Laptop issue clouds school tech levy campaign

Misconceptions among some voters trouble officials and campaign organizers. The idea has sprouted like a weed, and Clif McKenzie is working hard to stamp it out. The upcoming technology levy “is not about providing a laptop to every student,” said McKenzie, who is co-chairing the campaign to get a $8.9 million technology levy passed by Bainbridge voters on May 17.

  • Saturday, April 2, 2005 5:00pm
  • News

Misconceptions among some voters trouble officials and campaign organizers.

The idea has sprouted like a weed, and Clif McKenzie is working hard to stamp it out.

The upcoming technology levy “is not about providing a laptop to every student,” said McKenzie, who is co-chairing the campaign to get a $8.9 million technology levy passed by Bainbridge voters on May 17.

“It’s unfortunate that this is the myth,” McKenzie told the school board Thursday evening. “That’s the fact that we need to get out. It’s astounding how this idea germinated and then exploded.”

Many people are offended by the prospect of laptops for school children, considering it an extravagance given the funding challenges that schools routinely face – especially since many Bainbridge kids have laptops of their own.

That’s why dispelling the laptop “myth” is so important to the success of the campaign, McKenzie said.

The school board agreed.

Board member Cheryl Dale, only half jokingly, suggested a newspaper headline reading, “School Board Says NO to Laptops!”

Several board members suggested striking the words “laptop” and “notebook” from the district’s mailers and brochures on the levy.

In reality, the technology levy will provide computers in the schools at a ratio of one computer for every four students in the district. Some of the computers will be on desktops in classrooms where there is room for them, but most will move from room to room on a portable cart, so they can be shared among teachers without taking up already limited classroom space.

A yes vote on the levy will pay for computer and instructional equipment, software, technology training for teachers, wireless infrastructure and technology support staff.

The aging computer systems now in the schools are between six and nine years old – ancient considering the major developments in technology in recent years.

The upcoming levy will replace 20 percent of the old equipment with new equipment each year for five years.
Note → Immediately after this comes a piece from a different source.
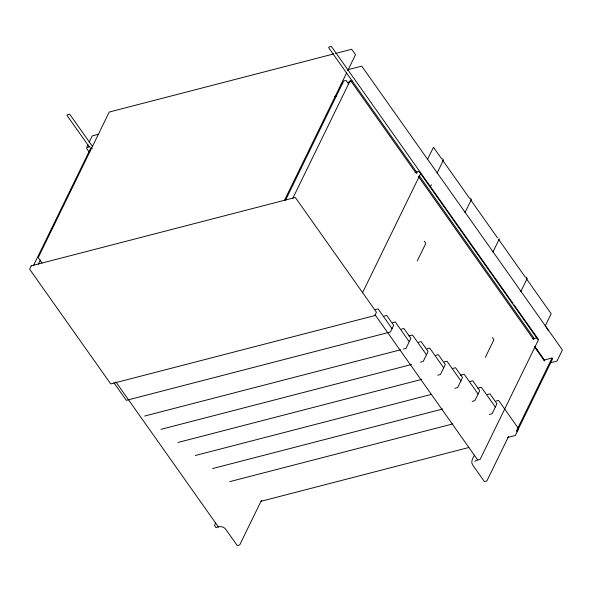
<?xml version="1.0" encoding="UTF-8"?>
<svg xmlns="http://www.w3.org/2000/svg" width="592" height="592" viewBox="0 0 592 592"><rect width="100%" height="100%" fill="white"/><g stroke="black" fill="none" stroke-linecap="round" stroke-linejoin="round"><path stroke-width="0.89" d="M86.817 147.016L87.979 144.633M89.14 142.25L92.241 135.894L98.509 134.273M33.537 265.46L91.138 147.356L92.182 148.829M38.354 264.21L40.374 260.073M284.508 200.266L346.646 72.875M347.859 70.396L355.518 54.679L351.7 49.277L335.597 53.443M285.507 200.237L343.656 81.023L346.091 80.394L348.747 84.153M292.766 198.357L350.368 80.253L416.42 173.685M215.695 523.002L214.482 525.489L216.05 527.709C219.203 525.881 223.569 526.229 225.744 529.27L237.266 545.572L239.701 544.943L261.509 500.24M362.452 292.862L420.601 173.648M427.431 159.633L433.462 147.267L441.713 158.937M430.606 186.325L431.405 184.674M437.037 173.13L443.467 159.944L442.594 158.708M417.219 261.028L425.826 243.393L424.272 241.196M464.957 212.624L471.387 199.43L470.514 198.202M492.87 252.111L499.308 238.924M485.336 357.376L493.935 339.741L492.381 337.536M520.79 291.604L527.22 278.41L526.347 277.182M474.518 455.189C472.705 458.008 470.374 462.13 472.89 465.29L484.419 481.599L486.853 480.97L508.661 436.267M545.128 326.118L551.159 313.753L526.34 278.64M552.01 358.034L516.453 430.932L517.031 431.753L552.588 358.848L552.01 358.034L543.974 360.114M474.873 461.338L475.887 460.465L480.149 459.348L538.298 340.134L419.032 171.428L415.036 172.457M333.807 53.909L109.231 112.036L38.221 257.631L42.039 263.033M347.415 69.841L361.742 66.134L562.4 349.961L556.976 361.09L550.708 362.711M89.925 146.698L87.216 147.401L86.676 148.511L89.34 152.285M341.036 84.131L342.827 83.672M347.304 82.51L352.677 81.119M334.399 96.57L336.189 96.104M375.402 309.594L378.088 308.898L392.045 328.641M384.067 316.113L386.694 315.432L393.673 325.304L390.417 331.979L126.318 400.34L113.916 382.795M392.614 322.662L395.301 321.967L409.257 341.717M401.28 329.182L403.907 328.501L410.885 338.38L406.008 348.392L403.322 349.08M408.931 335.967L412.513 335.042L426.477 354.786M418.492 342.257L421.119 341.577L428.105 351.448L423.221 361.46L420.535 362.156M144.596 416.058L400.636 349.776M427.047 348.806L429.733 348.111L443.689 367.854M435.705 355.326L438.339 354.645L445.317 364.517L440.433 374.529L437.747 375.224M160.913 429.355L411.581 364.472M444.259 361.875L446.945 361.179L460.902 380.922M532.733 338.942L536.722 337.914M452.917 368.394L455.551 367.713L462.53 377.585L457.646 387.597L454.959 388.293M178.125 442.424L421.63 379.398M460.576 375.173L464.158 374.248L478.114 393.991M470.137 381.463L472.764 380.782L479.742 390.653L474.858 400.666L472.172 401.361M195.338 455.5L431.686 394.316M477.788 388.248L481.37 387.316L495.334 407.067M487.349 394.538L489.976 393.858L496.962 403.729L492.078 413.741L489.392 414.437M212.558 468.568L442.631 409.013M495.904 401.087L498.59 400.392L518.651 428.771L515.395 435.446L507.337 437.532M229.77 481.636L452.688 423.939M261.146 501.261L468.842 447.5M442.587 160.173L469.634 198.431M470.507 199.659L497.554 237.917M498.42 239.153L525.467 277.404M513.005 303.415L331.328 46.428L328.893 47.057L328.619 47.612L417.071 172.723M514.063 304.91L538.565 339.579M419.203 175.743L534.295 338.543M418.3 176.342L533.755 339.66M534.754 346.327L544.744 360.454M534.524 346.934L544.477 361.016M375.099 314.811L477.714 459.977M92.574 146.564L69.664 114.16L67.229 114.789L66.955 115.344L89.333 146.994M115.862 381.914L218.485 527.08M545.743 326.407L548.444 330.795M536.581 348.903L537.98 351.367M31.228 265.83L29.6 269.168L110.734 383.934L374.832 315.573L376.46 312.236L295.327 197.469L31.228 265.83"/></g></svg>

If passed, the levy will cost the owner of a $400,000 house about $200 per year for four years.

Technology levies are allowed by the state as a mechanism to fund technology programs, since virtually no state and federal money is earmarked for that purpose.

The miniscule amount of the technology that Bainbridge Island currently receives – about $1 per student, per year – is about to be axed under the Bush administration’s current proposed budget.

McKenzie, who is co-chairing the tech levy campaign with Margaret Powers, said it is too bad that they have had to focus on correcting erroneous information about the laptops, when the need for new technology in the schools is so great.

“We want to start talking about how these are essential learning tools in today’s world,” McKenzie said, noting that a whole series of information sessions on the tech levy are scheduled at local schools in coming weeks.

The schedule can be seen on the school district’s website at www.bainbridge.wednet.edu.

The campaign is being financed with $8,000 from the Parent Teacher/Student Organizations at local schools and the Bainbridge Public Schools Trust.

McKenzie and Powers have lined up dozens of volunteers to assist with the campaign, which will provide voters with information via mailers and phone calls, especially as the election gets close.

“We have to make sure people vote,” McKenzie told the board. “That would be the biggest sin of all, if they don’t get out and vote.”